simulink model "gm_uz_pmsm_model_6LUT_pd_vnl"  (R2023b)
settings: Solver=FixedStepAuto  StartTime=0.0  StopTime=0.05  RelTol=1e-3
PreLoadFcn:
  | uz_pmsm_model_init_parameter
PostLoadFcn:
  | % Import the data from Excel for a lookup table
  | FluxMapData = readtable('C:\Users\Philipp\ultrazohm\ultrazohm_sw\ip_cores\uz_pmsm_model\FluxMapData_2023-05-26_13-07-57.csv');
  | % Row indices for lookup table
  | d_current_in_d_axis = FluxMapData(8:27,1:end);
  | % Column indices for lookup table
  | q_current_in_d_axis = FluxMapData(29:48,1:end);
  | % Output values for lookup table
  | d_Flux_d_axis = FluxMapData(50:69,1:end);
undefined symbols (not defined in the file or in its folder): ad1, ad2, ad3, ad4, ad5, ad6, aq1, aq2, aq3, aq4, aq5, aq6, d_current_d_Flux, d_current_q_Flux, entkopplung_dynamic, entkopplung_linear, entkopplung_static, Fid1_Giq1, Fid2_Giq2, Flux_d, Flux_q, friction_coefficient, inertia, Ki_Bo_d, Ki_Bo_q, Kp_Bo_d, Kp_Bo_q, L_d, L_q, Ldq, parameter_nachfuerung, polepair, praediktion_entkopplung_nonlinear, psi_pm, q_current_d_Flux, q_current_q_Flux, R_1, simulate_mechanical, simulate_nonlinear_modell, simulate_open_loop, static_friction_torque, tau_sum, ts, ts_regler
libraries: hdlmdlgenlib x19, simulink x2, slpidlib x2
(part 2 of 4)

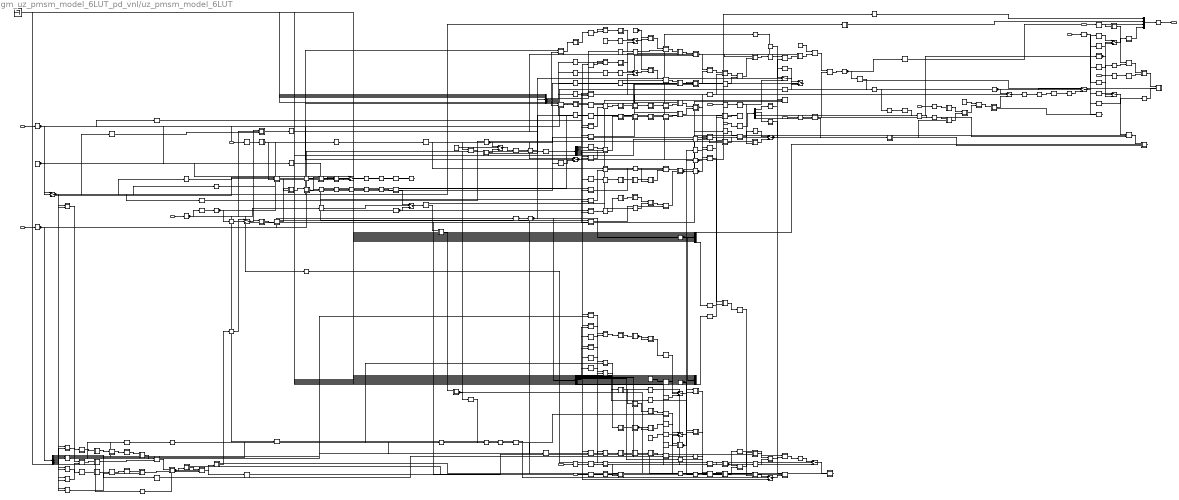
== system gm_uz_pmsm_model_6LUT_pd_vnl/uz_pmsm_model_6LUT ==
  reset_integrators : Inport  OutDataTypeStr=boolean  PortDimensions=1  SampleTime=2e-06
  simulate_mechanical : Inport  Port=2  OutDataTypeStr=boolean  PortDimensions=1  SampleTime=2e-06
  simulate_nonlinear : Inport  Port=3  OutDataTypeStr=boolean  PortDimensions=1  SampleTime=2e-06
  reciprocal_J : Inport  Port=4  OutDataTypeStr=single  PortDimensions=1  SampleTime=2e-06
  mu : Inport  Port=5  OutDataTypeStr=single  PortDimensions=1  SampleTime=2e-06
  M_n0 : Inport  Port=6  OutDataTypeStr=single  PortDimensions=1  SampleTime=2e-06
  R1 : Inport  Port=7  OutDataTypeStr=single  PortDimensions=1  SampleTime=2e-06
  polepairs : Inport  Port=8  OutDataTypeStr=single  PortDimensions=1  SampleTime=2e-06
  Ld : Inport  Port=9  OutDataTypeStr=single  PortDimensions=1  SampleTime=2e-06
  Lq : Inport  Port=10  OutDataTypeStr=single  PortDimensions=1  SampleTime=2e-06
  psi_pm : Inport  Port=11  OutDataTypeStr=single  PortDimensions=1  SampleTime=2e-06
  fitting_parameters : Inport  Port=12  OutDataTypeStr=double  PortDimensions=[14]  SampleTime=2e-06
  inputs : Inport  Port=13  OutDataTypeStr=single  PortDimensions=[4]  SampleTime=2e-06
  Abs : Subsystem
      mask Display: disp('NFP\nabs');
  Constant : Constant  Value=double(0)  OutDataTypeStr=double  SampleTime=1e-08
  Constant1 : Constant  Value=double(1)  OutDataTypeStr=double  SampleTime=1e-08
  Constant11 : Constant  Value=double(1)  OutDataTypeStr=double  SampleTime=1e-08
  Data Type Conversion1 : Subsystem
      mask Display: disp('NFP\nconv');
  Data Type Conversion10 : Subsystem
      mask Display: disp('NFP\nconv');
  Data Type Conversion11 : Subsystem
      mask Display: disp('NFP\nconv');
  Data Type Conversion111 : Subsystem
      mask Display: disp('NFP\nconv');
  Data Type Conversion12 : Subsystem
      mask Display: disp('NFP\nconv');
  Data Type Conversion121 : Subsystem
      mask Display: disp('NFP\nconv');
  Data Type Conversion13 : Subsystem
      mask Display: disp('NFP\nconv');
  Data Type Conversion14 : Subsystem
      mask Display: disp('NFP\nconv');
  Data Type Conversion15 : Subsystem
      mask Display: disp('NFP\nconv');
  Data Type Conversion16 : Subsystem
      mask Display: disp('NFP\nconv');
  Data Type Conversion17 : Subsystem
      mask Display: disp('NFP\nconv');
  Data Type Conversion2 : Subsystem
      mask Display: disp('NFP\nconv');
  Data Type Conversion21 : Subsystem
      mask Display: disp('NFP\nconv');
  Data Type Conversion22 : Subsystem
      mask Display: disp('NFP\nconv');
  Data Type Conversion23 : Subsystem
      mask Display: disp('NFP\nconv');
  Data Type Conversion24 : Subsystem
      mask Display: disp('NFP\nconv');
  Data Type Conversion3 : Subsystem
      mask Display: disp('NFP\nconv');
  Data Type Conversion31 : Subsystem
      mask Display: disp('NFP\nconv');
  Data Type Conversion32 : Subsystem
      mask Display: disp('NFP\nconv');
  Data Type Conversion4 : Subsystem
      mask Display: disp('NFP\nconv');
  Data Type Conversion41 : Subsystem
      mask Display: disp('NFP\nconv');
  Data Type Conversion42 : Subsystem
      mask Display: disp('NFP\nconv');
  Data Type Conversion43 : Subsystem
      mask Display: disp('NFP\nconv');
  Data Type Conversion5 : Subsystem
      mask Display: disp('NFP\nconv');
  Data Type Conversion51 : Subsystem
      mask Display: disp('NFP\nconv');
  Data Type Conversion52 : Subsystem
      mask Display: disp('NFP\nconv');
  Data Type Conversion53 : Subsystem
      mask Display: disp('NFP\nconv');
  Data Type Conversion6 : Subsystem
      mask Display: disp('NFP\nconv');
  Data Type Conversion61 : Subsystem
      mask Display: disp('NFP\nconv');
  Data Type Conversion62 : Subsystem
      mask Display: disp('NFP\nconv');
  Data Type Conversion63 : Subsystem
      mask Display: disp('NFP\nconv');
  Data Type Conversion64 : Subsystem
      mask Display: disp('NFP\nconv');
  Data Type Conversion7 : Subsystem
      mask Display: disp('NFP\nconv');
  Data Type Conversion71 : Subsystem
      mask Display: disp('NFP\nconv');
  Data Type Conversion72 : Subsystem
      mask Display: disp('NFP\nconv');
  Data Type Conversion8 : Subsystem
      mask Display: disp('NFP\nconv');
  Data Type Conversion81 : Subsystem
      mask Display: disp('NFP\nconv');
  Data Type Conversion82 : Subsystem
      mask Display: disp('NFP\nconv');
  Data Type Conversion83 : Subsystem
      mask Display: disp('NFP\nconv');
  Data Type Conversion9 : Subsystem
      mask Display: disp('NFP\nconv');
  Delay : RateTransition  OutPortSampleTimeOpt=Multiple of input port sample time  OutPortSampleTimeMultiple=200
  Delay1_lowered : RateTransition  OutPortSampleTimeOpt=Multiple of input port sample time  OutPortSampleTimeMultiple=200
  Delay1_lowered1 : RateTransition  OutPortSampleTimeOpt=Multiple of input port sample time  OutPortSampleTimeMultiple=200
  Delay1_lowered2 : RateTransition  OutPortSampleTimeOpt=Multiple of input port sample time  OutPortSampleTimeMultiple=200
  Delay1_lowered_absorbed : Delay  DelayLength=0
  Delay1_lowered_absorbed1 : Delay  DelayLength=0
  Delay1_lowered_absorbed2 : Delay  DelayLength=0
  Delay_absorbed : Delay  DelayLength=0
  Divide : Subsystem
      mask Display: disp('NFP\nmul');
  Divide1 : Subsystem
      mask Display: disp('NFP\nmul');
  Divide_recip : Subsystem
      mask Display: disp('NFP\nmath');
  Factor : Subsystem
      mask Display: disp('NFP\nmul');
  Factor_const : Constant  Value=double(1.5)  OutDataTypeStr=double  SampleTime=1e-08
  From1 : hdlmdlgenlib/Buffer
  From1_out1_0_term0 : Terminator
  From1_out1_10_term10 : Terminator
  From1_out1_11_term11 : Terminator
  From1_out1_12_term12 : Terminator
  From1_out1_13_term13 : Terminator
  From1_out1_1_term1 : Terminator
  From1_out1_2_term2 : Terminator
  From1_out1_3_term3 : Terminator
  From1_out1_4_term4 : Terminator
  From1_out1_5_term5 : Terminator
  From1_out1_6_term6 : Terminator
  From1_out1_7_term7 : Terminator
  From1_out1_8_term8 : Terminator
  From1_out1_9_term9 : Terminator
  From2 : hdlmdlgenlib/Buffer
  From2_out1_0_term0 : Terminator
  From2_out1_0_term01 : Terminator
  From2_out1_10_term10 : Terminator
  From2_out1_10_term101 : Terminator
  From2_out1_11_term11 : Terminator
  From2_out1_11_term111 : Terminator
  From2_out1_12_term12 : Terminator
  From2_out1_13_term13 : Terminator
  From2_out1_1_term1 : Terminator
  From2_out1_1_term11 : Terminator
  From2_out1_2_term2 : Terminator
  From2_out1_2_term21 : Terminator
  From2_out1_3_term3 : Terminator
  From2_out1_3_term31 : Terminator
  From2_out1_4_term4 : Terminator
  From2_out1_4_term41 : Terminator
  From2_out1_5_term5 : Terminator
  From2_out1_5_term51 : Terminator
  From2_out1_6_term6 : Terminator
  From2_out1_6_term61 : Terminator
  From2_out1_7_term7 : Terminator
  From2_out1_7_term71 : Terminator
  From2_out1_8_term8 : Terminator
  From2_out1_8_term81 : Terminator
  From2_out1_9_term9 : Terminator
  From2_out1_9_term91 : Terminator
  From3 : hdlmdlgenlib/Buffer
  Gain : Subsystem
      mask Display: disp('NFP\nmul');
  Gain7 : Subsystem
      mask Display: disp('NFP\nmul');
  Gain71 : Subsystem
      mask Display: disp('NFP\nmul');
  Gain7_const : Constant  Value=double(2e-06)  OutDataTypeStr=double  SampleTime=1e-08
  Gain7_const1 : Constant  Value=double(2e-06)  OutDataTypeStr=double  SampleTime=1e-08
  Gain_const : Constant  Value=double(2e-06)  OutDataTypeStr=double  SampleTime=1e-08
  Gain_unaryminus : Subsystem
      mask Display: disp('NFP\numinus');
  Gain_unaryminus1 : Subsystem
      mask Display: disp('NFP\numinus');
  Goto1 : hdlmdlgenlib/Buffer
  Goto2 : hdlmdlgenlib/Buffer
  Initial_Val : Constant  Value=double(0)  OutDataTypeStr=double  SampleTime=1e-08
  Initial_Val1 : Constant  Value=double(0)  OutDataTypeStr=double  SampleTime=1e-08
  Initial_Val2 : Constant  Value=double(0)  OutDataTypeStr=double  SampleTime=1e-08
  Ldd : hdlmdlgenlib/Buffer
  Log : Subsystem
      mask Display: disp('NFP\nmath');
  Log1 : Subsystem
      mask Display: disp('NFP\nmath');
  Log11 : Subsystem
      mask Display: disp('NFP\nmath');
  Log2 : Subsystem
      mask Display: disp('NFP\nmath');
  Lqq : hdlmdlgenlib/Buffer
  M_Mi : hdlmdlgenlib/Buffer
  Product : Subsystem
      mask Display: disp('NFP\nmul');
  Product1 : Subsystem
      mask Display: disp('NFP\nmul');
  Product10 : Subsystem
      mask Display: disp('NFP\nmul');
  Product101 : Subsystem
      mask Display: disp('NFP\nmul');
  Product102 : Subsystem
      mask Display: disp('NFP\nmul');
  Product103 : Subsystem
      mask Display: disp('NFP\nmul');
  Product104 : Subsystem
      mask Display: disp('NFP\nmul');
  Product105 : Subsystem
      mask Display: disp('NFP\nmul');
  Product11 : Subsystem
      mask Display: disp('NFP\nmul');
  Product110 : Subsystem
      mask Display: disp('NFP\nmul');
  Product111 : Subsystem
      mask Display: disp('NFP\nmul');
  Product112 : Subsystem
      mask Display: disp('NFP\nmul');
  Product113 : Subsystem
      mask Display: disp('NFP\nmul');
  Product12 : Subsystem
      mask Display: disp('NFP\nmul');
  Product121 : Subsystem
      mask Display: disp('NFP\nmul');
  Product122 : Subsystem
      mask Display: disp('NFP\nmul');
  Product13 : Subsystem
      mask Display: disp('NFP\nmul');
  Product131 : Subsystem
      mask Display: disp('NFP\nmul');
  Product132 : Subsystem
      mask Display: disp('NFP\nmul');
  Product133 : Subsystem
      mask Display: disp('NFP\nmul');
  Product14 : Subsystem
      mask Display: disp('NFP\nmul');
  Product141 : Subsystem
      mask Display: disp('NFP\nmul');
  Product15 : Subsystem
      mask Display: disp('NFP\nmul');
  Product151 : Subsystem
      mask Display: disp('NFP\nmul');
  Product16 : Subsystem
      mask Display: disp('NFP\nmul');
  Product161 : Subsystem
      mask Display: disp('NFP\nmul');
  Product162 : Subsystem
      mask Display: disp('NFP\nmul');
  Product17 : Subsystem
      mask Display: disp('NFP\nmul');
  Product18 : Subsystem
      mask Display: disp('NFP\nmul');
  Product19 : Subsystem
      mask Display: disp('NFP\nmul');
  Product2 : Subsystem
      mask Display: disp('NFP\nmul');
  Product20 : Subsystem
      mask Display: disp('NFP\nmul');
  Product201 : Subsystem
      mask Display: disp('NFP\nmul');
  Product202 : Subsystem
      mask Display: disp('NFP\nmul');
  Product203 : Subsystem
      mask Display: disp('NFP\nmul');
  Product204 : Subsystem
      mask Display: disp('NFP\nmul');
  Product205 : Subsystem
      mask Display: disp('NFP\nmul');
  Product206 : Subsystem
      mask Display: disp('NFP\nmul');
  Product207 : Subsystem
      mask Display: disp('NFP\nmul');
  Product21 : Subsystem
      mask Display: disp('NFP\nmul');
  Product211 : Subsystem
      mask Display: disp('NFP\nmul');
  Product22 : Subsystem
      mask Display: disp('NFP\nmul');
  Product23 : Subsystem
      mask Display: disp('NFP\nmul');
  Product24 : Subsystem
      mask Display: disp('NFP\nmul');
  Product25 : Subsystem
      mask Display: disp('NFP\nmul');
  Product3 : Subsystem
      mask Display: disp('NFP\nmul');
  Product31 : Subsystem
      mask Display: disp('NFP\nmul');
  Product32 : Subsystem
      mask Display: disp('NFP\nmul');
  Product33 : Subsystem
      mask Display: disp('NFP\nmul');
  Product34 : Subsystem
      mask Display: disp('NFP\nmul');
  Product35 : Subsystem
      mask Display: disp('NFP\nmul');
  Product36 : Subsystem
      mask Display: disp('NFP\nmul');
  Product37 : Subsystem
      mask Display: disp('NFP\nmul');
  Product4 : Subsystem
      mask Display: disp('NFP\nmul');
  Product41 : Subsystem
      mask Display: disp('NFP\nmul');
  Product42 : Subsystem
      mask Display: disp('NFP\nmul');
  Product43 : Subsystem
      mask Display: disp('NFP\nmul');
  Product5 : Subsystem
      mask Display: disp('NFP\nmul');
  Product51 : Subsystem
      mask Display: disp('NFP\nmul');
  Product52 : Subsystem
      mask Display: disp('NFP\nmul');
  Product6 : Subsystem
      mask Display: disp('NFP\nmul');
  Product61 : Subsystem
      mask Display: disp('NFP\nmul');
  Product7 : Subsystem
      mask Display: disp('NFP\nmul');
  Product71 : Subsystem
      mask Display: disp('NFP\nmul');
  Product7_to_gain : Subsystem
      mask Display: disp('NFP\ngain_pow2');
  Product8 : Subsystem
      mask Display: disp('NFP\nmul');
  Product81 : Subsystem
      mask Display: disp('NFP\nmul');
  Product9 : Subsystem
      mask Display: disp('NFP\nmul');
  Product91 : Subsystem
      mask Display: disp('NFP\nmul');
  Product92 : Subsystem
      mask Display: disp('NFP\nmul');
  Product93 : Subsystem
      mask Display: disp('NFP\nmul');
  Product94 : Subsystem
      mask Display: disp('NFP\nmul');
  Sign1 : Subsystem
      mask Display: disp('NFP\nsignum');
  Sum : Subsystem
      mask Display: disp('NFP\nadd');
  Sum1 : Subsystem
      mask Display: disp('NFP\nadd');
  Sum10 : Subsystem
      mask Display: disp('NFP\nadd');
  Sum101 : Subsystem
      mask Display: disp('NFP\nadd');
  Sum11 : Subsystem
      mask Display: disp('NFP\nadd');
  Sum12 : Subsystem
      mask Display: disp('NFP\nadd');
  Sum13 : Subsystem
      mask Display: disp('NFP\nadd');
  Sum14 : Subsystem
      mask Display: disp('NFP\nadd');
  Sum2 : Subsystem
      mask Display: disp('NFP\nadd');
  Sum21 : Subsystem
      mask Display: disp('NFP\nadd');
  Sum22 : Subsystem
      mask Display: disp('NFP\nadd');
  Sum23 : Subsystem
      mask Display: disp('NFP\nadd');
  Sum24 : Subsystem
      mask Display: disp('NFP\nadd');
  Sum3 : Subsystem
      mask Display: disp('NFP\nadd');
  Sum31 : Subsystem
      mask Display: disp('NFP\nadd');
  Sum32 : Subsystem
      mask Display: disp('NFP\nadd');
  Sum3_stage2 : Subsystem
      mask Display: disp('NFP\nadd');
  Sum3_stage21 : Subsystem
      mask Display: disp('NFP\nadd');
  Sum3_stage3 : Subsystem
      mask Display: disp('NFP\nadd');
  Sum3_stage31 : Subsystem
      mask Display: disp('NFP\nadd');
  Sum3_stage4 : Subsystem
      mask Display: disp('NFP\nadd');
  Sum4 : Subsystem
      mask Display: disp('NFP\nadd');
  Sum41 : Subsystem
      mask Display: disp('NFP\nadd');
  Sum42 : Subsystem
      mask Display: disp('NFP\nadd');
  Sum4_stage2 : Subsystem
      mask Display: disp('NFP\nadd');
  Sum4_stage3 : Subsystem
      mask Display: disp('NFP\nadd');
  Sum4_stage4 : Subsystem
      mask Display: disp('NFP\nadd');
  Sum5 : Subsystem
      mask Display: disp('NFP\nadd');
  Sum51 : Subsystem
      mask Display: disp('NFP\nadd');
  Sum52 : Subsystem
      mask Display: disp('NFP\nadd');
  Sum53 : Subsystem
      mask Display: disp('NFP\nadd');
  Sum6 : Subsystem
      mask Display: disp('NFP\nadd');
  Sum7 : Subsystem
      mask Display: disp('NFP\nadd');
  Sum71 : Subsystem
      mask Display: disp('NFP\nadd');
  Sum8 : Subsystem
      mask Display: disp('NFP\nadd');
  Sum9 : Subsystem
      mask Display: disp('NFP\nadd');
  Switch{,1..6,11} (8 alike) : Switch  Criteria=u2 ~= 0  Threshold=double(0)  OutDataTypeStr=double  SampleTime=1e-08  SaturateOnIntegerOverflow=off  InputSameDT=off
  Tanh : Subsystem
      mask Display: disp('NFP\ntrig');
  Tanh1 : Subsystem
      mask Display: disp('NFP\ntrig');
  Tanh11 : Subsystem
      mask Display: disp('NFP\ntrig');
  Tanh12 : Subsystem
      mask Display: disp('NFP\ntrig');
  Tanh13 : Subsystem
      mask Display: disp('NFP\ntrig');
  Tanh2 : Subsystem
      mask Display: disp('NFP\ntrig');
  Tanh21 : Subsystem
      mask Display: disp('NFP\ntrig');
  Tanh3 : Subsystem
      mask Display: disp('NFP\ntrig');
  Tanh31 : Subsystem
      mask Display: disp('NFP\ntrig');
  Tanh4 : Subsystem
      mask Display: disp('NFP\ntrig');
  Tanh41 : Subsystem
      mask Display: disp('NFP\ntrig');
  Tanh5 : Subsystem
      mask Display: disp('NFP\ntrig');
  Unit Delay : RateTransition  OutPortSampleTimeOpt=Multiple of input port sample time  OutPortSampleTimeMultiple=200
  Unit Delay1 : RateTransition  OutPortSampleTimeOpt=Multiple of input port sample time  OutPortSampleTimeMultiple=200
  Unit Delay1_absorbed : Delay  DelayLength=0
  Unit Delay_absorbed : Delay  DelayLength=0
  crp_out_delay{,1..5} (6 alike) : Delay  DelayLength=double(1)  InitialCondition=0  SampleTime=1e-08
  default_value{,1..4} (5 alike) : Constant  Value=double(1)  OutDataTypeStr=double  SampleTime=1e-08
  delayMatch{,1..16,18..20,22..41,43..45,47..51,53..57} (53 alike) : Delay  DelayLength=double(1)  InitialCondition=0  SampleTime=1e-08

•••

| Your task |
Using the material above, transcribe exactly the lines from the line with "From1_out1_11_term11 : Terminator" to the line with "From2_out1_9_term9 : Terminator"; both count, and nothing else goes in.

| The answer |
  From1_out1_11_term11 : Terminator
  From1_out1_12_term12 : Terminator
  From1_out1_13_term13 : Terminator
  From1_out1_1_term1 : Terminator
  From1_out1_2_term2 : Terminator
  From1_out1_3_term3 : Terminator
  From1_out1_4_term4 : Terminator
  From1_out1_5_term5 : Terminator
  From1_out1_6_term6 : Terminator
  From1_out1_7_term7 : Terminator
  From1_out1_8_term8 : Terminator
  From1_out1_9_term9 : Terminator
  From2 : hdlmdlgenlib/Buffer
  From2_out1_0_term0 : Terminator
  From2_out1_0_term01 : Terminator
  From2_out1_10_term10 : Terminator
  From2_out1_10_term101 : Terminator
  From2_out1_11_term11 : Terminator
  From2_out1_11_term111 : Terminator
  From2_out1_12_term12 : Terminator
  From2_out1_13_term13 : Terminator
  From2_out1_1_term1 : Terminator
  From2_out1_1_term11 : Terminator
  From2_out1_2_term2 : Terminator
  From2_out1_2_term21 : Terminator
  From2_out1_3_term3 : Terminator
  From2_out1_3_term31 : Terminator
  From2_out1_4_term4 : Terminator
  From2_out1_4_term41 : Terminator
  From2_out1_5_term5 : Terminator
  From2_out1_5_term51 : Terminator
  From2_out1_6_term6 : Terminator
  From2_out1_6_term61 : Terminator
  From2_out1_7_term7 : Terminator
  From2_out1_7_term71 : Terminator
  From2_out1_8_term8 : Terminator
  From2_out1_8_term81 : Terminator
  From2_out1_9_term9 : Terminator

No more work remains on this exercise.